▸ TASK TO COMPLETE
Repeat the following entries exactly, excluding pictures.

****

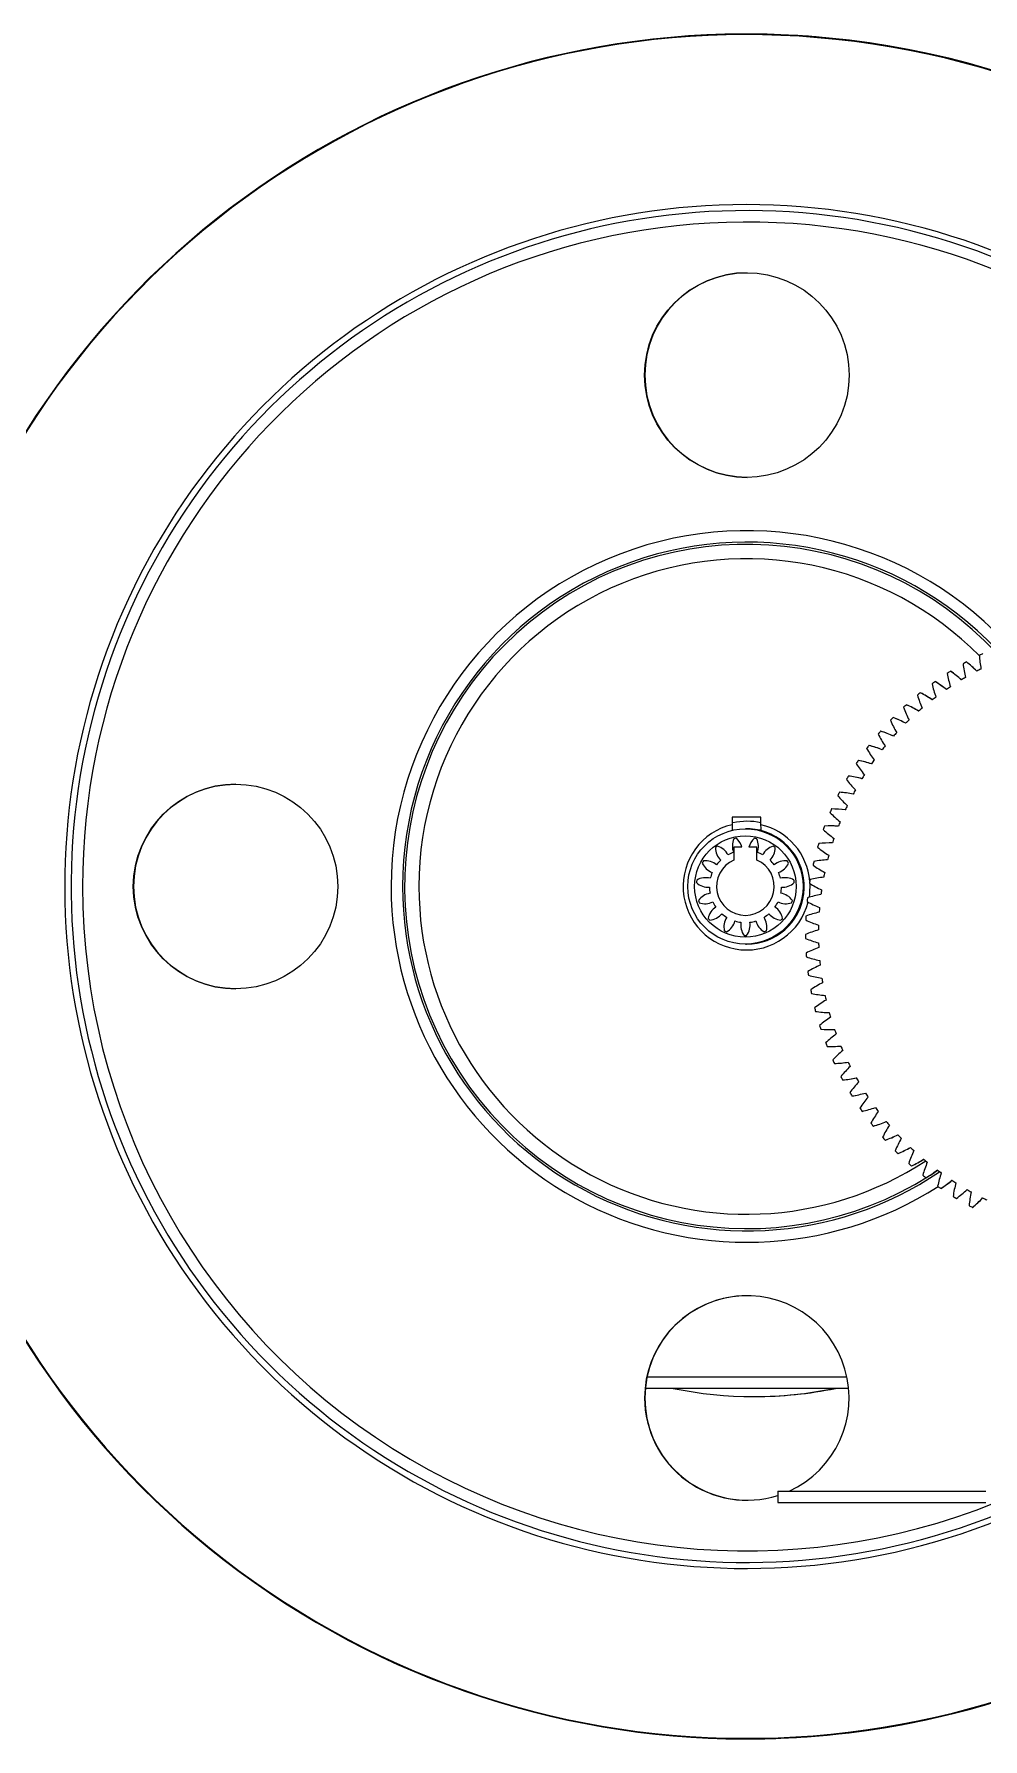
# Model space of a CAD drawing. Header units: millimetres. Extents: x -1795330 to -1787343, y -899964 to -866814.
# Drawn here: x -1787579.2 to -1787545.9, y -899918 to -899858.2 of the extents above; entities that cross this region are included whole.
import ezdxf

# ---------------------------------------------------------------- set-up
doc = ezdxf.new("R2010")
doc.units = ezdxf.units.MM

msp = doc.modelspace()

# ---------------------------------------------------------------- linework, layer by layer
at = {"color": 7, "linetype": 'Continuous', "lineweight": 25}
for p, q in [((-1787554.213, -899858.238), (-1787554.214, -899858.238)), ((-1787553.949, -899858.245), (-1787554.214, -899858.245)), ((-1787554.176, -899858.238), (-1787554.177, -899858.238)), ((-1787547.049, -899880.585), (-1787547.054, -899880.585)), ((-1787546.49, -899880.259), (-1787546.495, -899880.259)), ((-1787547.588, -899880.945), (-1787547.593, -899880.945)), ((-1787548.596, -899881.757), (-1787548.601, -899881.757)), ((-1787548.104, -899881.336), (-1787548.11, -899881.336)), ((-1787549.062, -899882.207), (-1787549.067, -899882.207)), ((-1787549.5, -899882.684), (-1787549.506, -899882.684)), ((-1787549.909, -899883.186), (-1787549.914, -899883.186)), ((-1787550.633, -899884.26), (-1787550.639, -899884.26)), ((-1787550.287, -899883.712), (-1787550.293, -899883.712)), ((-1787550.946, -899884.827), (-1787550.951, -899884.827)), ((-1787551.224, -899885.412), (-1787551.229, -899885.412)), ((-1787553.703, -899885.705), (-1787554.714, -899885.705)), ((-1787554.714, -899885.705), (-1787554.714, -899885.966)), ((-1787553.703, -899885.966), (-1787553.703, -899885.705)), ((-1787551.283, -899886.008), (-1787551.288, -899886.008)), ((-1787554.184, -899886.11), (-1787554.248, -899886.11)), ((-1787551.236, -899886.604), (-1787551.241, -899886.604)), ((-1787551.189, -899886.604), (-1787551.236, -899886.604)), ((-1787554.374, -899886.757), (-1787554.655, -899886.757)), ((-1787554.655, -899886.757), (-1787554.655, -899887.206)), ((-1787553.846, -899886.757), (-1787554.127, -899886.757)), ((-1787553.846, -899887.206), (-1787553.846, -899886.757)), ((-1787554.248, -899890.157), (-1787554.207, -899890.157)), ((-1787551.263, -899893.15), (-1787551.258, -899893.15)), ((-1787551.297, -899893.747), (-1787551.291, -899893.747)), ((-1787551.129, -899894.341), (-1787551.124, -899894.341)), ((-1787550.838, -899894.919), (-1787550.833, -899894.919)), ((-1787550.513, -899895.479), (-1787550.507, -899895.479)), ((-1787550.155, -899896.019), (-1787550.149, -899896.019)), ((-1787549.765, -899896.536), (-1787549.759, -899896.536)), ((-1787549.345, -899897.029), (-1787549.339, -899897.029)), ((-1787548.896, -899897.496), (-1787548.891, -899897.496)), ((-1787548.42, -899897.936), (-1787548.415, -899897.936)), ((-1787547.919, -899898.346), (-1787547.914, -899898.346)), ((-1787547.506, -899898.087), (-1787547.641, -899898.176)), ((-1787547.394, -899898.725), (-1787547.389, -899898.725)), ((-1787546.847, -899899.073), (-1787546.842, -899899.073)), ((-1787546.281, -899899.387), (-1787546.275, -899899.387)), ((-1787550.627, -899905.737), (-1787557.763, -899905.737)), ((-1787557.702, -899905.332), (-1787550.688, -899905.332)), ((-1787553.954, -899906.022), (-1787553.919, -899906.022)), ((-1787553.117, -899909.337), (-1787553.117, -899909.741)), ((-1787554.214, -899918.029), (-1787554.213, -899918.029)), ((-1787554.177, -899918.029), (-1787554.176, -899918.029))]:
    msp.add_line(p, q, dxfattribs=at)
at = {"color": 7, "linetype": 'Continuous', "lineweight": 25, "flags": 128}
for points in [[(-1787553.727, -899886.162), (-1787554.087, -899886.112), (-1787554.184, -899886.11)], [(-1787551.985, -899888.029), (-1787551.997, -899888.388), (-1787552.015, -899888.51)], [(-1787553.117, -899909.337), (-1787553.116, -899909.337), (-1787553.067, -899909.337), (-1787552.946, -899909.337), (-1787552.755, -899909.337), (-1787552.495, -899909.337), (-1787552.167, -899909.337), (-1787551.773, -899909.337), (-1787551.317, -899909.337), (-1787550.8, -899909.337), (-1787550.226, -899909.337), (-1787549.598, -899909.337), (-1787548.922, -899909.337), (-1787548.2, -899909.337), (-1787547.438, -899909.337), (-1787546.64, -899909.337), (-1787545.811, -899909.337)], [(-1787553.117, -899909.741), (-1787553.116, -899909.741), (-1787553.067, -899909.741), (-1787552.946, -899909.741), (-1787552.755, -899909.741), (-1787552.495, -899909.741), (-1787552.167, -899909.741), (-1787551.773, -899909.741), (-1787551.317, -899909.741), (-1787550.8, -899909.741), (-1787550.226, -899909.741), (-1787549.598, -899909.741), (-1787548.922, -899909.741), (-1787548.2, -899909.741), (-1787547.438, -899909.741), (-1787546.64, -899909.741), (-1787545.811, -899909.741)]]:
    msp.add_lwpolyline(points, dxfattribs=at)
at = {"color": 7, "linetype": 'Continuous', "lineweight": 25}
for centre, radius in [((-1787554.199, -899870.196), 3.587), ((-1787572.136, -899888.133), 3.587), ((-1787554.248, -899888.133), 2.023), ((-1787554.25, -899888.133), 1.78)]:
    msp.add_circle(centre, radius, dxfattribs=at)
for centre, radius, start, end in [((-1787554.214, -899888.134), 29.896, 4.37219, 313.15187), ((-1787554.215, -899888.134), 29.875, 4.2514, 313.11046), ((-1787554.213, -899888.133), 29.896, 4.37667, 89.99956), ((-1787554.214, -899888.134), 23.916, 2.96594, 295.38206), ((-1787554.201, -899888.134), 23.705, 3.15434, 294.28487), ((-1787554.199, -899888.133), 23.302, 3.51811, 180.00072), ((-1787554.191, -899870.196), 3.587, 90.0006, 269.99929), ((-1787554.199, -899888.133), 12.48, 41.49573, 180.00082), ((-1787554.201, -899888.133), 12.077, 43.55253, 180.00082), ((-1787554.206, -899888.133), 11.999, 43.10697, 302.27021), ((-1787554.209, -899888.133), 11.495, 44.70078, 180.0008), ((-1787541.318, -899889.766), 10.825, 115.14033, 115.85735), ((-1787541.797, -899879.795), 4.249, 183.09368, 189.63023), ((-1787541.318, -899889.766), 10.825, 121.99753, 122.71455), ((-1787542.984, -899879.924), 4.249, 189.95072, 196.48728), ((-1787549.506, -899884.056), 4.249, 48.22335, 54.76001), ((-1787549.501, -899884.056), 4.249, 48.22335, 54.76001), ((-1787541.318, -899889.766), 10.825, 118.56893, 119.28595), ((-1787542.392, -899879.842), 4.249, 186.5222, 193.05875), ((-1787549.15, -899883.576), 4.249, 44.79478, 51.33143), ((-1787549.145, -899883.576), 4.249, 44.79478, 51.33143), ((-1787541.318, -899889.766), 10.37, 116.75079, 117.6755), ((-1787541.318, -899889.766), 10.825, 125.42612, 126.14314), ((-1787543.569, -899880.041), 4.249, 193.37925, 199.91581), ((-1787549.833, -899884.556), 4.249, 51.65193, 58.18861), ((-1787549.827, -899884.556), 4.249, 51.65193, 58.18861), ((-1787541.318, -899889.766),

****

▸ COMPLETED TASK
# Model space of a CAD drawing. Header units: millimetres. Extents: x -1795330 to -1787343, y -899964 to -866814.
# Drawn here: x -1787579.2 to -1787545.9, y -899918 to -899858.2 of the extents above; entities that cross this region are included whole.
import ezdxf

# ---------------------------------------------------------------- set-up
doc = ezdxf.new("R2010")
doc.units = ezdxf.units.MM

msp = doc.modelspace()

# ---------------------------------------------------------------- linework, layer by layer
at = {"color": 7, "linetype": 'Continuous', "lineweight": 25}
for p, q in [((-1787554.213, -899858.238), (-1787554.214, -899858.238)), ((-1787553.949, -899858.245), (-1787554.214, -899858.245)), ((-1787554.176, -899858.238), (-1787554.177, -899858.238)), ((-1787547.049, -899880.585), (-1787547.054, -899880.585)), ((-1787546.49, -899880.259), (-1787546.495, -899880.259)), ((-1787547.588, -899880.945), (-1787547.593, -899880.945)), ((-1787548.596, -899881.757), (-1787548.601, -899881.757)), ((-1787548.104, -899881.336), (-1787548.11, -899881.336)), ((-1787549.062, -899882.207), (-1787549.067, -899882.207)), ((-1787549.5, -899882.684), (-1787549.506, -899882.684)), ((-1787549.909, -899883.186), (-1787549.914, -899883.186)), ((-1787550.633, -899884.26), (-1787550.639, -899884.26)), ((-1787550.287, -899883.712), (-1787550.293, -899883.712)), ((-1787550.946, -899884.827), (-1787550.951, -899884.827)), ((-1787551.224, -899885.412), (-1787551.229, -899885.412)), ((-1787553.703, -899885.705), (-1787554.714, -899885.705)), ((-1787554.714, -899885.705), (-1787554.714, -899885.966)), ((-1787553.703, -899885.966), (-1787553.703, -899885.705)), ((-1787551.283, -899886.008), (-1787551.288, -899886.008)), ((-1787554.184, -899886.11), (-1787554.248, -899886.11)), ((-1787551.236, -899886.604), (-1787551.241, -899886.604)), ((-1787551.189, -899886.604), (-1787551.236, -899886.604)), ((-1787554.374, -899886.757), (-1787554.655, -899886.757)), ((-1787554.655, -899886.757), (-1787554.655, -899887.206)), ((-1787553.846, -899886.757), (-1787554.127, -899886.757)), ((-1787553.846, -899887.206), (-1787553.846, -899886.757)), ((-1787554.248, -899890.157), (-1787554.207, -899890.157)), ((-1787551.263, -899893.15), (-1787551.258, -899893.15)), ((-1787551.297, -899893.747), (-1787551.291, -899893.747)), ((-1787551.129, -899894.341), (-1787551.124, -899894.341)), ((-1787550.838, -899894.919), (-1787550.833, -899894.919)), ((-1787550.513, -899895.479), (-1787550.507, -899895.479)), ((-1787550.155, -899896.019), (-1787550.149, -899896.019)), ((-1787549.765, -899896.536), (-1787549.759, -899896.536)), ((-1787549.345, -899897.029), (-1787549.339, -899897.029)), ((-1787548.896, -899897.496), (-1787548.891, -899897.496)), ((-1787548.42, -899897.936), (-1787548.415, -899897.936)), ((-1787547.919, -899898.346), (-1787547.914, -899898.346)), ((-1787547.506, -899898.087), (-1787547.641, -899898.176)), ((-1787547.394, -899898.725), (-1787547.389, -899898.725)), ((-1787546.847, -899899.073), (-1787546.842, -899899.073)), ((-1787546.281, -899899.387), (-1787546.275, -899899.387)), ((-1787550.627, -899905.737), (-1787557.763, -899905.737)), ((-1787557.702, -899905.332), (-1787550.688, -899905.332)), ((-1787553.954, -899906.022), (-1787553.919, -899906.022)), ((-1787553.117, -899909.337), (-1787553.117, -899909.741)), ((-1787554.214, -899918.029), (-1787554.213, -899918.029)), ((-1787554.177, -899918.029), (-1787554.176, -899918.029))]:
    msp.add_line(p, q, dxfattribs=at)
at = {"color": 7, "linetype": 'Continuous', "lineweight": 25, "flags": 128}
for points in [[(-1787553.727, -899886.162), (-1787554.087, -899886.112), (-1787554.184, -899886.11)], [(-1787551.985, -899888.029), (-1787551.997, -899888.388), (-1787552.015, -899888.51)], [(-1787553.117, -899909.337), (-1787553.116, -899909.337), (-1787553.067, -899909.337), (-1787552.946, -899909.337), (-1787552.755, -899909.337), (-1787552.495, -899909.337), (-1787552.167, -899909.337), (-1787551.773, -899909.337), (-1787551.317, -899909.337), (-1787550.8, -899909.337), (-1787550.226, -899909.337), (-1787549.598, -899909.337), (-1787548.922, -899909.337), (-1787548.2, -899909.337), (-1787547.438, -899909.337), (-1787546.64, -899909.337), (-1787545.811, -899909.337)], [(-1787553.117, -899909.741), (-1787553.116, -899909.741), (-1787553.067, -899909.741), (-1787552.946, -899909.741), (-1787552.755, -899909.741), (-1787552.495, -899909.741), (-1787552.167, -899909.741), (-1787551.773, -899909.741), (-1787551.317, -899909.741), (-1787550.8, -899909.741), (-1787550.226, -899909.741), (-1787549.598, -899909.741), (-1787548.922, -899909.741), (-1787548.2, -899909.741), (-1787547.438, -899909.741), (-1787546.64, -899909.741), (-1787545.811, -899909.741)]]:
    msp.add_lwpolyline(points, dxfattribs=at)
at = {"color": 7, "linetype": 'Continuous', "lineweight": 25}
for centre, radius in [((-1787554.199, -899870.196), 3.587), ((-1787572.136, -899888.133), 3.587), ((-1787554.248, -899888.133), 2.023), ((-1787554.25, -899888.133), 1.78)]:
    msp.add_circle(centre, radius, dxfattribs=at)
for centre, radius, start, end in [((-1787554.214, -899888.134), 29.896, 4.37219, 313.15187), ((-1787554.215, -899888.134), 29.875, 4.2514, 313.11046), ((-1787554.213, -899888.133), 29.896, 4.37667, 89.99956), ((-1787554.214, -899888.134), 23.916, 2.96594, 295.38206), ((-1787554.201, -899888.134), 23.705, 3.15434, 294.28487), ((-1787554.199, -899888.133), 23.302, 3.51811, 180.00072), ((-1787554.191, -899870.196), 3.587, 90.0006, 269.99929), ((-1787554.199, -899888.133), 12.48, 41.49573, 180.00082), ((-1787554.201, -899888.133), 12.077, 43.55253, 180.00082), ((-1787554.206, -899888.133), 11.999, 43.10697, 302.27021), ((-1787554.209, -899888.133), 11.495, 44.70078, 180.0008), ((-1787541.318, -899889.766), 10.825, 115.14033, 115.85735), ((-1787541.797, -899879.795), 4.249, 183.09368, 189.63023), ((-1787541.318, -899889.766), 10.825, 121.99753, 122.71455), ((-1787542.984, -899879.924), 4.249, 189.95072, 196.48728), ((-1787549.506, -899884.056), 4.249, 48.22335, 54.76001), ((-1787549.501, -899884.056), 4.249, 48.22335, 54.76001), ((-1787541.318, -899889.766), 10.825, 118.56893, 119.28595), ((-1787542.392, -899879.842), 4.249, 186.5222, 193.05875), ((-1787549.15, -899883.576), 4.249, 44.79478, 51.33143), ((-1787549.145, -899883.576), 4.249, 44.79478, 51.33143), ((-1787541.318, -899889.766), 10.37, 116.75079, 117.6755), ((-1787541.318, -899889.766), 10.825, 125.42612, 126.14314), ((-1787543.569, -899880.041), 4.249, 193.37925, 199.91581), ((-1787549.833, -899884.556), 4.249, 51.65193, 58.18861), ((-1787549.827, -899884.556), 4.249, 51.65193, 58.18861), ((-1787541.318, -899889.766),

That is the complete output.